The mean concentration ± standard deviation (SD) and
the range of plasma fibrinogen concentrations were 326.5±76.7 mg/dl
and 171–595 mg/dl, respectively. The mean ± SD of the plasma
fibrinogen concentrations in patients with pT1-T2 (n=155) and pT3–4
(n=120) tumors were 300.6±61.5 and 360.0±81.5 mg/dl, respectively
(Fig. 1A). The plasma fibrinogen
concentration was significantly associated with the depth of tumor
invasion (P<0.0001). The mean ± SD of the plasma fibrinogen
concentrations were significantly higher in patients with lymph
node metastasis (n=130) than in patients without (n=145)

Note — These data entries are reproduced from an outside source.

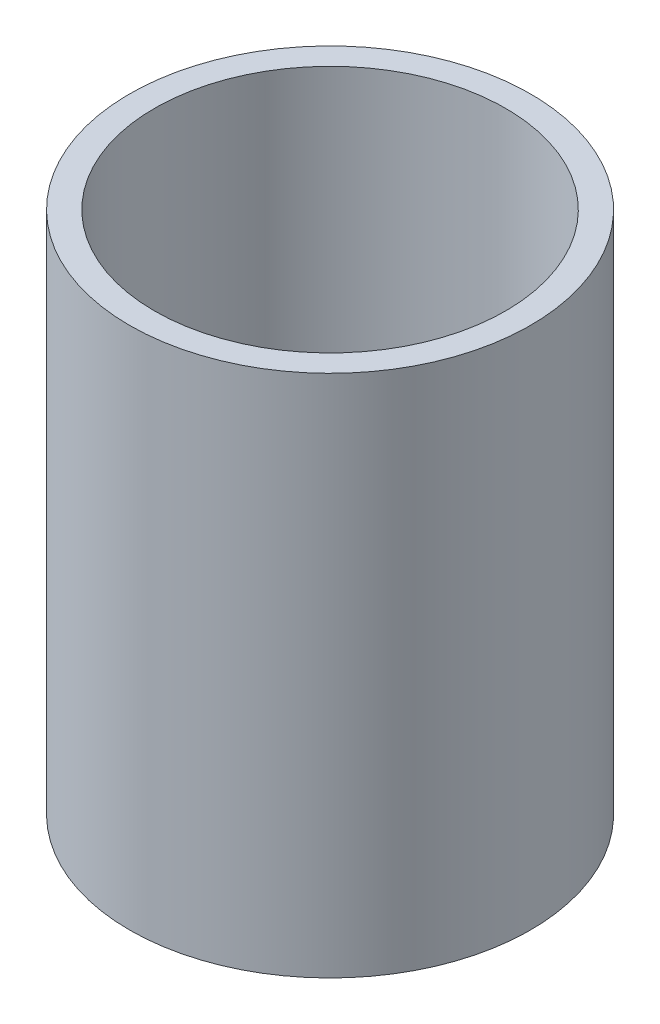
from build123d import *

# Parameters (mm, degrees)
SKETCH1_W = 6.35
SKETCH1_H = 133.35


with BuildPart() as part:
    # Sketch1 → Revolve1 (revolve)
    with BuildSketch(Plane.XY):
        with Locations((-47.879, -21.057365567)):
            Rectangle(SKETCH1_W, SKETCH1_H)
    revolve(axis=Axis((0, 55, 0), (0, -1, 0)))


solid = part.part
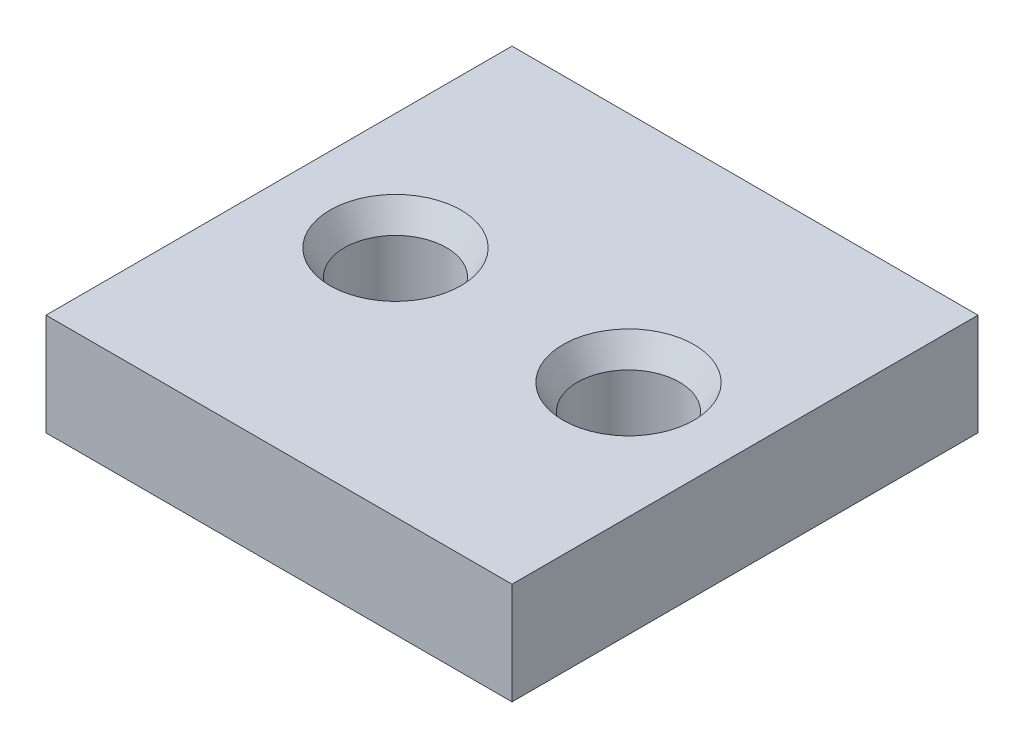
from build123d import *

# Parameters (mm, degrees)
SKETCH1_W                                      = 32
SKETCH1_H                                      = 32
BOSS_EXTRUDE1_DEPTH                            = 7
CSK_FOR_M2_FLAT_HEAD_MACHINE_SCREW1_AT_2_COUNT = 2
CSK_FOR_M2_FLAT_HEAD_MACHINE_SCREW1_AT_2_PITCH = 16


with BuildPart() as part:
    # Sketch1 → Boss-Extrude1 (new body)
    with BuildSketch(Plane(origin=(0, 0, 0), x_dir=(1, 0, 0), z_dir=(0, 1, 0))):
        Rectangle(SKETCH1_W, SKETCH1_H)
    extrude(amount=BOSS_EXTRUDE1_DEPTH)

    # Sketch5 → CSK for M2 Flat Head Machine Screw1 (revolve, cut)
    with BuildSketch(Plane(origin=(-8, 7, 0), x_dir=(0, 0, 1), z_dir=(1, 0, 0))):
        Polygon((0, 0), (0, 7), (3.5, 7), (3.5, 1.732050808), (4.5, 0), align=None)
    csk_for_m2_flat_head_machine_screw1 = revolve(axis=Axis((-8, 13.35, 0), (0, -1, 0)), mode=Mode.SUBTRACT)

    # CSK for M2 Flat Head Machine Screw1 at 2: CSK for M2 Flat Head Machine Screw1 ×2
    with Locations(*[(i * CSK_FOR_M2_FLAT_HEAD_MACHINE_SCREW1_AT_2_PITCH, 0, 0) for i in range(1, CSK_FOR_M2_FLAT_HEAD_MACHINE_SCREW1_AT_2_COUNT)]):
        add(csk_for_m2_flat_head_machine_screw1, mode=Mode.SUBTRACT)


solid = part.part
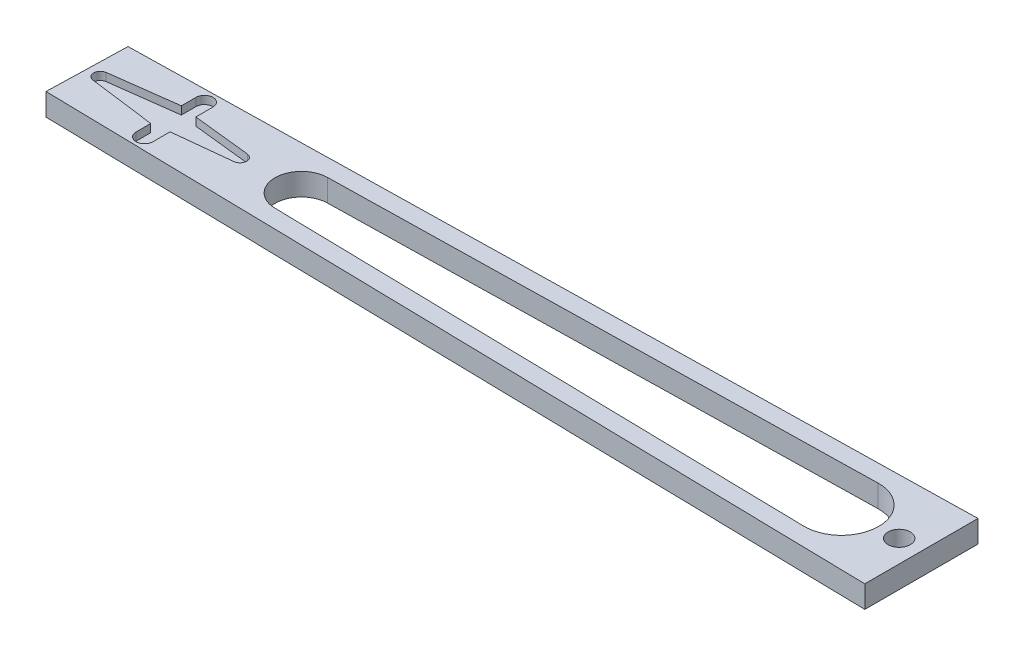
from build123d import *

# Parameters (mm, degrees)
SKETCH1_R           = 2.5
BOSS_EXTRUDE1_DEPTH = 5
BOSS_EXTRUDE2_DEPTH = 3.2


with BuildPart() as part:
    # Sketch1 → Boss-Extrude1 (new body)
    with BuildSketch(Plane(origin=(0, 0, 0), x_dir=(1, 0, 0), z_dir=(0, 1, 0))):
        Polygon((-90.005103209, -41.999399148), (-90.480022259, -59.993132832), (97.6446575, -63.815482804), (97.6446575, -38.32994317), (-49.807795153, -41.213348306), align=None)
        with BuildLine():
            Line((-72.450254412, -47.547483492), (-72.450254412, -44.247483492))
            ThreePointArc((-72.450254412, -44.247483492), (-70.550254412, -42.347483492), (-68.650254412, -44.247483492))
            Line((-68.650254412, -44.247483492), (-68.650254412, -48.097483492))
            Line((-68.650254412, -48.097483492), (-55.644843725, -49.510975235))
            ThreePointArc((-55.644843725, -49.510975235), (-54.299665811, -51.008287292), (-55.640888759, -52.509143053))
            Line((-55.640888759, -52.509143053), (-68.650254412, -53.897483492))
            Line((-68.650254412, -53.897483492), (-68.650254412, -57.747483492))
            ThreePointArc((-68.650254412, -57.747483492), (-70.550254412, -59.647483492), (-72.450254412, -57.747483492))
            Line((-72.450254412, -57.747483492), (-72.450254412, -54.447483492))
            Line((-72.450254412, -54.447483492), (-87.444932153, -52.484796699))
            ThreePointArc((-87.444932153, -52.484796699), (-88.750254412, -50.997483492), (-87.444932153, -49.510170284))
            Line((-87.444932153, -49.510170284), (-72.450254412, -47.547483492))
        make_face(mode=Mode.SUBTRACT)
        with BuildLine():
            Line((-42.056384532, -45.062535629), (79.480798132, -42.685898751))
            ThreePointArc((79.480798132, -42.685898751), (88.025749222, -51.068799274), (79.473979342, -59.444743533))
            Line((79.473979342, -59.444743533), (-42.061229083, -56.969206079))
            ThreePointArc((-42.061229083, -56.969206079), (-47.894488465, -51.013496449), (-42.056384532, -45.062535629))
        make_face(mode=Mode.SUBTRACT)
        with Locations((92.6446575, -51.070678602)):
            Circle(SKETCH1_R, mode=Mode.SUBTRACT)
    extrude(amount=BOSS_EXTRUDE1_DEPTH)

    # Sketch1_16 → Boss-Extrude2 (add)
    with BuildSketch(Plane(origin=(0, 0, 0), x_dir=(1, 0, 0), z_dir=(0, 1, 0))):
        with BuildLine():
            Line((-72.450254412, -44.247483492), (-72.450254412, -47.547483492))
            Line((-72.450254412, -47.547483492), (-87.444932153, -49.510170284))
            ThreePointArc((-87.444932153, -49.510170284), (-88.750254412, -50.997483492), (-87.444932153, -52.484796699))
            Line((-87.444932153, -52.484796699), (-72.450254412, -54.447483492))
            Line((-72.450254412, -54.447483492), (-72.450254412, -57.747483492))
            ThreePointArc((-72.450254412, -57.747483492), (-70.550254412, -59.647483492), (-68.650254412, -57.747483492))
            Line((-68.650254412, -57.747483492), (-68.650254412, -53.897483492))
            Line((-68.650254412, -53.897483492), (-55.640888759, -52.509143053))
            ThreePointArc((-55.640888759, -52.509143053), (-54.299665811, -51.008287292), (-55.644843725, -49.510975235))
            Line((-55.644843725, -49.510975235), (-68.650254412, -48.097483492))
            Line((-68.650254412, -48.097483492), (-68.650254412, -44.247483492))
            ThreePointArc((-68.650254412, -44.247483492), (-70.550254412, -42.347483492), (-72.450254412, -44.247483492))
        make_face()
    extrude(amount=BOSS_EXTRUDE2_DEPTH)


solid = part.part
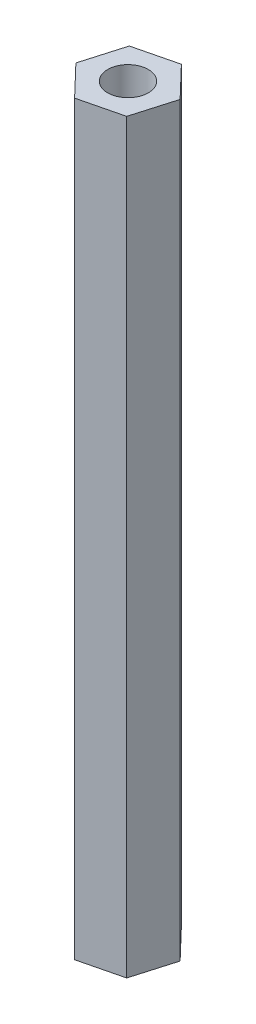
from build123d import *

# Parameters (mm, degrees)
BOSS_EXTRUDE1_DEPTH = 63.5
SKETCH2_R           = 1.7272
CUT_EXTRUDE1_DEPTH  = 9.525
SKETCH3_R           = 1.7272
CUT_EXTRUDE2_DEPTH  = 9.525


with BuildPart() as part:
    # Sketch1 → Boss-Extrude1 (new body)
    with BuildSketch(Plane(origin=(0, 0, 0), x_dir=(1, 0, 0), z_dir=(0, 1, 0))):
        Polygon((-2.767735883, 3.334911674), (-1.744793251, 6.855482892), (-4.282226046, 9.501662807), (-7.842601473, 8.627271504), (-8.865544105, 5.106700285), (-6.32811131, 2.46052037), align=None)
    extrude(amount=BOSS_EXTRUDE1_DEPTH)

    # Sketch2 → Cut-Extrude1 (cut)
    with BuildSketch(Plane(origin=(0, 63.5, 0), x_dir=(1, 0, 0), z_dir=(0, 1, 0))):
        with Locations((-5.305168678, 5.981091589)):
            Circle(SKETCH2_R)
    extrude(amount=-CUT_EXTRUDE1_DEPTH, mode=Mode.SUBTRACT)

    # Sketch3 → Cut-Extrude2 (cut)
    with BuildSketch(Plane.XZ):
        with Locations((-5.305168678, -5.981091589)):
            Circle(SKETCH3_R)
    extrude(amount=-CUT_EXTRUDE2_DEPTH, mode=Mode.SUBTRACT)


solid = part.part

(341.9±84.1 and 312.8±66.8 mg/dl, respectively; P=0.0019; Fig. 1B). Furthermore, the plasma fibrinogen
concentrations were associated with lymphatic and venous invasion
(P=0.0004 and P<0.0001, respectively; Fig. 1C and D). The mean ± SD of the plasma
fibrinogen concentrations in stage I–II (n=183) and stage III–IV
(n=92) were 308.2±65.6 and 362.9±84.3 mg/dl, respectively (Fig. 1E). The tumor stage was also
significantly associated with plasma fibrinogen concentrations
(P<0.0001). The outcome of the ROC analysis demonstrated that
the sensitivity of the AUC value for discriminating between
patients with advanced and early gastric cancer based on plasma
fibrinogen concentrations was 0.70 (Fig.
1F). The cutoff plasma fibrinogen concentration was 305 mg/dl.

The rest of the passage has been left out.